FIG. 20 is a flowchart illustrating a method for padding real-time service Tisle frames with non-real-time service packets according to one or more illustrative embodiments of the invention.

FIG. 21 illustrates a suitable digital broadcast transmitter in which one or more illustrative embodiments of the invention may be implemented.

DETAILED DESCRIPTION OF THE INVENTION

In the following description of the various embodiments, reference is made to the accompanying drawings, which form a part hereof, and in which is shown by way of illustration various embodiments in which the invention may be practiced. It is to be understood that other embodiments may be utilized and structural and functional modifications may be made without departing from the scope and spirit of the present invention.
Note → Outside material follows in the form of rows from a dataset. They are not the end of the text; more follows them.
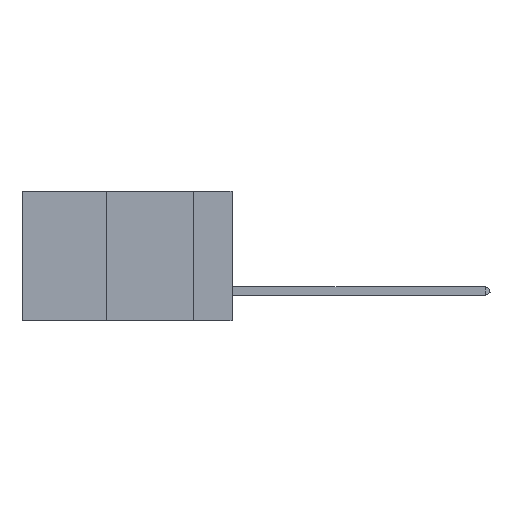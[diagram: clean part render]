
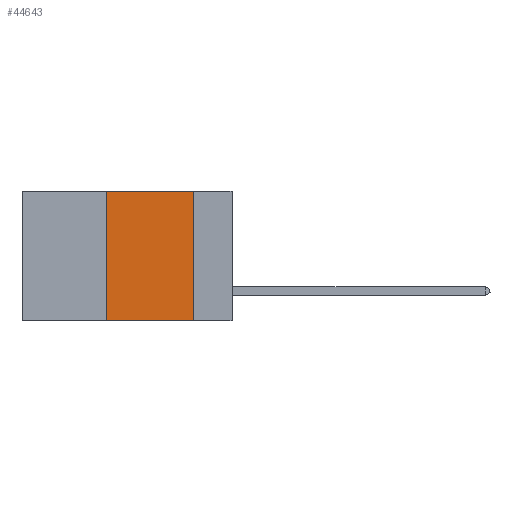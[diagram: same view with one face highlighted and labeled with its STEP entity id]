
A CAD part, left-side view. The second image highlights one B-rep face of the part: STEP entity #44643.
In plain terms, the highlighted planar face has unit normal (-1, 0, 0).
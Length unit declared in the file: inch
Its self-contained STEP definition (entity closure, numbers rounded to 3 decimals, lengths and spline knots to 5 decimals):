
#2448 = DIRECTION ( 'NONE',  ( 0., -1., 0. ) ) ;
#2659 = VERTEX_POINT ( 'NONE', #46105 ) ;
#5475 = EDGE_CURVE ( 'NONE', #33985, #2659, #31309, .T. ) ;
#5980 = DIRECTION ( 'NONE',  ( 0., 0., -1. ) ) ;
#9121 = ORIENTED_EDGE ( 'NONE', *, *, #44886, .T. ) ;
#9749 = VERTEX_POINT ( 'NONE', #30924 ) ;
#10211 = PLANE ( 'NONE',  #37364 ) ;
#11263 = LINE ( 'NONE', #20452, #32827 ) ;
#12106 = CARTESIAN_POINT ( 'NONE',  ( 0., 0.11, 0. ) ) ;
#13666 = DIRECTION ( 'NONE',  ( 0., 0., 1. ) ) ;
#14564 = LINE ( 'NONE', #21437, #30520 ) ;
#14615 = FACE_OUTER_BOUND ( 'NONE', #27129, .T. ) ;
#15241 = ORIENTED_EDGE ( 'NONE', *, *, #19354, .F. ) ;
#16357 = ORIENTED_EDGE ( 'NONE', *, *, #27529, .F. ) ;
#17068 = VECTOR ( 'NONE', #13666, 39.37008 ) ;
#19354 = EDGE_CURVE ( 'NONE', #2659, #40489, #11263, .T. ) ;
#20452 = CARTESIAN_POINT ( 'NONE',  ( 0., 0.6, 0. ) ) ;
#20671 = CARTESIAN_POINT ( 'NONE',  ( 0., 0.6, 0. ) ) ;
#21437 = CARTESIAN_POINT ( 'NONE',  ( 0., 0.6, -0.37 ) ) ;
#24437 = CARTESIAN_POINT ( 'NONE',  ( 0., 0.11, 0. ) ) ;
#26232 = DIRECTION ( 'NONE',  ( 0., 0., -1. ) ) ;
#26642 = CARTESIAN_POINT ( 'NONE',  ( 0., 0.36, -0.37 ) ) ;
#27129 = EDGE_LOOP ( 'NONE', ( #16357, #15241, #31706, #9121 ) ) ;
#27529 = EDGE_CURVE ( 'NONE', #40489, #9749, #45930, .T. ) ;
#30520 = VECTOR ( 'NONE', #36190, 39.37008 ) ;
#30924 = CARTESIAN_POINT ( 'NONE',  ( 0., 0.11, -0.37 ) ) ;
#31309 = LINE ( 'NONE', #31458, #17068 ) ;
#31458 = CARTESIAN_POINT ( 'NONE',  ( 0., 0.36, 0. ) ) ;
#31706 = ORIENTED_EDGE ( 'NONE', *, *, #5475, .F. ) ;
#32827 = VECTOR ( 'NONE', #2448, 39.37008 ) ;
#33985 = VERTEX_POINT ( 'NONE', #26642 ) ;
#36190 = DIRECTION ( 'NONE',  ( 0., -1., 0. ) ) ;
#37364 = AXIS2_PLACEMENT_3D ( 'NONE', #20671, #46039, #5980 ) ;
#40489 = VERTEX_POINT ( 'NONE', #24437 ) ;
#42516 = VECTOR ( 'NONE', #26232, 39.37008 ) ;
#44643 = ADVANCED_FACE ( 'NONE', ( #14615 ), #10211, .F. ) ;
#44886 = EDGE_CURVE ( 'NONE', #33985, #9749, #14564, .T. ) ;
#45930 = LINE ( 'NONE', #12106, #42516 ) ;
#46039 = DIRECTION ( 'NONE',  ( 1., 0., 0. ) ) ;
#46105 = CARTESIAN_POINT ( 'NONE',  ( 0., 0.36, 0. ) ) ;
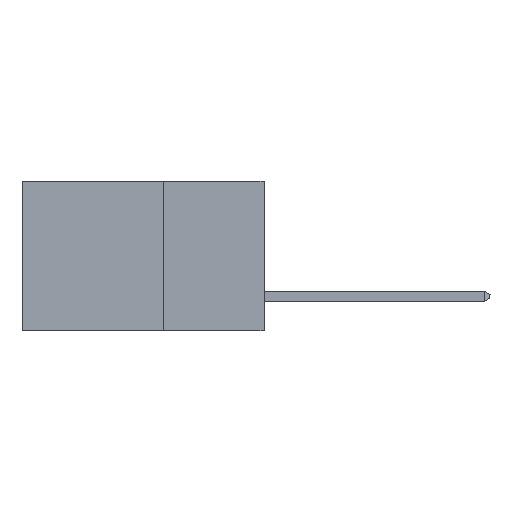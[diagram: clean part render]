
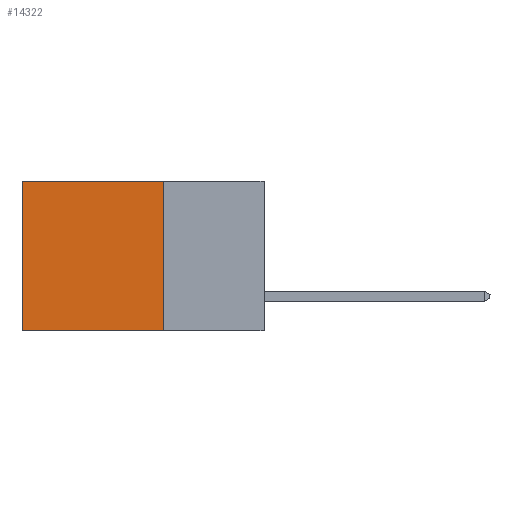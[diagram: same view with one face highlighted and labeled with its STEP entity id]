
A CAD part, left-side view. The second image highlights one B-rep face of the part: STEP entity #14322.
In plain terms, the highlighted planar face has unit normal (-1, 0, 0).
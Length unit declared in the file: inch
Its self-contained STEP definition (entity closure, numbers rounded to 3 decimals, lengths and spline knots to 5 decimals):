
#1687 = DIRECTION ( 'NONE',  ( 0., 0., -1. ) ) ;
#1763 = LINE ( 'NONE', #3202, #14746 ) ;
#1995 = EDGE_CURVE ( 'NONE', #9880, #13097, #13430, .T. ) ;
#3202 = CARTESIAN_POINT ( 'NONE',  ( 0.2615, 0.25, 0. ) ) ;
#3371 = ORIENTED_EDGE ( 'NONE', *, *, #10280, .T. ) ;
#3652 = CARTESIAN_POINT ( 'NONE',  ( 0.2615, 0.25, -0.37 ) ) ;
#4078 = CARTESIAN_POINT ( 'NONE',  ( 0.2615, 0.25, 0. ) ) ;
#4100 = VECTOR ( 'NONE', #8875, 39.37008 ) ;
#4143 = FACE_OUTER_BOUND ( 'NONE', #12683, .T. ) ;
#4163 = VERTEX_POINT ( 'NONE', #4078 ) ;
#4169 = EDGE_CURVE ( 'NONE', #4163, #11755, #1763, .T. ) ;
#4259 = CARTESIAN_POINT ( 'NONE',  ( 0.2615, 0.6, -0.37 ) ) ;
#4732 = AXIS2_PLACEMENT_3D ( 'NONE', #7559, #12377, #1687 ) ;
#5023 = ORIENTED_EDGE ( 'NONE', *, *, #1995, .F. ) ;
#6236 = CARTESIAN_POINT ( 'NONE',  ( 0.2615, 0.6, 0. ) ) ;
#6535 = LINE ( 'NONE', #12331, #4100 ) ;
#6761 = CARTESIAN_POINT ( 'NONE',  ( 0.2615, 0.25, -0.37 ) ) ;
#7559 = CARTESIAN_POINT ( 'NONE',  ( 0.2615, 0.25, -0.37 ) ) ;
#8050 = VECTOR ( 'NONE', #13710, 39.37008 ) ;
#8135 = EDGE_CURVE ( 'NONE', #4163, #9880, #6535, .T. ) ;
#8784 = DIRECTION ( 'NONE',  ( 0., 1., 0. ) ) ;
#8875 = DIRECTION ( 'NONE',  ( 0., 0., -1. ) ) ;
#9880 = VERTEX_POINT ( 'NONE', #3652 ) ;
#10280 = EDGE_CURVE ( 'NONE', #11755, #13097, #14725, .T. ) ;
#10401 = CARTESIAN_POINT ( 'NONE',  ( 0.2615, 0.6, -0.37 ) ) ;
#11172 = ORIENTED_EDGE ( 'NONE', *, *, #8135, .F. ) ;
#11755 = VERTEX_POINT ( 'NONE', #6236 ) ;
#12331 = CARTESIAN_POINT ( 'NONE',  ( 0.2615, 0.25, -0.37 ) ) ;
#12377 = DIRECTION ( 'NONE',  ( 1., 0., 0. ) ) ;
#12495 = DIRECTION ( 'NONE',  ( 0., 0., -1. ) ) ;
#12683 = EDGE_LOOP ( 'NONE', ( #3371, #5023, #11172, #13028 ) ) ;
#13028 = ORIENTED_EDGE ( 'NONE', *, *, #4169, .T. ) ;
#13097 = VERTEX_POINT ( 'NONE', #10401 ) ;
#13430 = LINE ( 'NONE', #6761, #8050 ) ;
#13710 = DIRECTION ( 'NONE',  ( 0., 1., 0. ) ) ;
#14322 = ADVANCED_FACE ( 'NONE', ( #4143 ), #14531, .F. ) ;
#14531 = PLANE ( 'NONE',  #4732 ) ;
#14603 = VECTOR ( 'NONE', #12495, 39.37008 ) ;
#14725 = LINE ( 'NONE', #4259, #14603 ) ;
#14746 = VECTOR ( 'NONE', #8784, 39.37008 ) ;
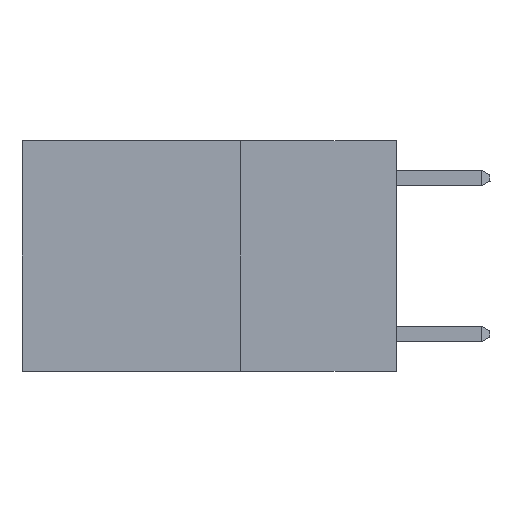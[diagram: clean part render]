
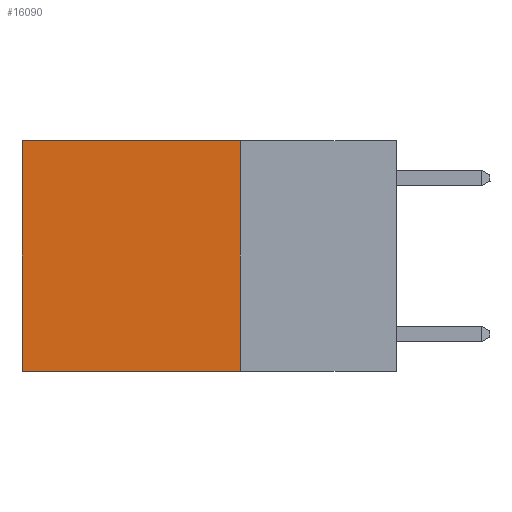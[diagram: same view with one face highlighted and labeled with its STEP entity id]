
A CAD part, left-side view. The second image highlights one B-rep face of the part: STEP entity #16090.
In plain terms, the highlighted planar face has unit normal (-1, 0, 0).
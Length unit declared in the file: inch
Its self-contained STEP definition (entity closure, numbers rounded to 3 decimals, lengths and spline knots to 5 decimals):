
#353 = DIRECTION ( 'NONE',  ( 1., 0., 0. ) ) ;
#703 = LINE ( 'NONE', #16689, #5195 ) ;
#955 = CARTESIAN_POINT ( 'NONE',  ( 0.2625, 0.25, 0. ) ) ;
#1216 = CARTESIAN_POINT ( 'NONE',  ( 0.2625, 0.25, -0.37 ) ) ;
#1829 = EDGE_CURVE ( 'NONE', #7219, #23823, #11768, .T. ) ;
#5195 = VECTOR ( 'NONE', #26060, 39.37008 ) ;
#6813 = CARTESIAN_POINT ( 'NONE',  ( 0.2625, 0.6, -0.37 ) ) ;
#7219 = VERTEX_POINT ( 'NONE', #1216 ) ;
#8675 = CARTESIAN_POINT ( 'NONE',  ( 0.2625, 0.25, 0. ) ) ;
#9418 = DIRECTION ( 'NONE',  ( 0., 1., 0. ) ) ;
#9489 = CARTESIAN_POINT ( 'NONE',  ( 0.2625, 0.25, -0.37 ) ) ;
#9502 = PLANE ( 'NONE',  #23749 ) ;
#9929 = CARTESIAN_POINT ( 'NONE',  ( 0.2625, 0.25, 0. ) ) ;
#11768 = LINE ( 'NONE', #9489, #19664 ) ;
#12447 = VECTOR ( 'NONE', #9418, 39.37008 ) ;
#14029 = LINE ( 'NONE', #19084, #28316 ) ;
#14152 = DIRECTION ( 'NONE',  ( 0., 0., -1. ) ) ;
#14329 = VERTEX_POINT ( 'NONE', #30843 ) ;
#14340 = DIRECTION ( 'NONE',  ( 0., 1., 0. ) ) ;
#14550 = EDGE_CURVE ( 'NONE', #17103, #14329, #22189, .T. ) ;
#15078 = ORIENTED_EDGE ( 'NONE', *, *, #27552, .F. ) ;
#16009 = ORIENTED_EDGE ( 'NONE', *, *, #22368, .T. ) ;
#16090 = ADVANCED_FACE ( 'NONE', ( #22466 ), #9502, .F. ) ;
#16689 = CARTESIAN_POINT ( 'NONE',  ( 0.2625, 0.25, 0. ) ) ;
#17103 = VERTEX_POINT ( 'NONE', #955 ) ;
#19084 = CARTESIAN_POINT ( 'NONE',  ( 0.2625, 0.6, 0. ) ) ;
#19188 = ORIENTED_EDGE ( 'NONE', *, *, #14550, .T. ) ;
#19664 = VECTOR ( 'NONE', #14340, 39.37008 ) ;
#22189 = LINE ( 'NONE', #8675, #12447 ) ;
#22368 = EDGE_CURVE ( 'NONE', #14329, #23823, #14029, .T. ) ;
#22466 = FACE_OUTER_BOUND ( 'NONE', #24172, .T. ) ;
#23749 = AXIS2_PLACEMENT_3D ( 'NONE', #9929, #353, #24450 ) ;
#23823 = VERTEX_POINT ( 'NONE', #6813 ) ;
#24172 = EDGE_LOOP ( 'NONE', ( #16009, #28449, #15078, #19188 ) ) ;
#24450 = DIRECTION ( 'NONE',  ( 0., 0., -1. ) ) ;
#26060 = DIRECTION ( 'NONE',  ( 0., 0., -1. ) ) ;
#27552 = EDGE_CURVE ( 'NONE', #17103, #7219, #703, .T. ) ;
#28316 = VECTOR ( 'NONE', #14152, 39.37008 ) ;
#28449 = ORIENTED_EDGE ( 'NONE', *, *, #1829, .F. ) ;
#30843 = CARTESIAN_POINT ( 'NONE',  ( 0.2625, 0.6, 0. ) ) ;

FIG. 1 illustrates a suitable digital broadband broadcast system 102 in which one or more illustrative embodiments of the invention may be implemented. Systems such as the one illustrated here may utilize a digital broadband broadcast technology, for example Digital Video Broadcast—Handheld (DVB-H). Examples of other digital broadcast standards which digital broadband broadcast system 102 may utilize include Digital Video Broadcast—Terrestrial (DVB-T), Integrated Services Digital Broadcasting—Terrestrial (ISDB-T), Advanced Television Systems Committee (ATSC) Data Broadcast Standard, Digital Multimedia Broadcast-Terrestrial (DMB-T), Terrestrial Digital Multimedia Broadcasting (T-DMB), Forward Link Only (FLO), Digital Audio Broadcasting (DAB), and Digital Radio Mondiale (DRM). Other digital broadcasting standards and techniques, now known or later developed, may also be used.

Digital content may be created and/or provided by digital content sources 104 and may include video signals, audio signals, data, and so forth. Digital content sources 104 may provide content to digital broadcast transmitter 103 in the form of digital packets, e.g., Internet Protocol (IP) packets. A group of related IP packets sharing a certain unique IP address is sometimes described as an IP stream. Digital broadcast transmitter 103 may receive, process, and forward for transmission multiple IP streams from multiple digital content sources 104. The processed digital content may then be passed to digital broadcast tower 105 (or other physical transmission implements) for wireless transmission. Ultimately, mobile terminals 101 may selectively receive and consume digital content originating with digital content sources 104.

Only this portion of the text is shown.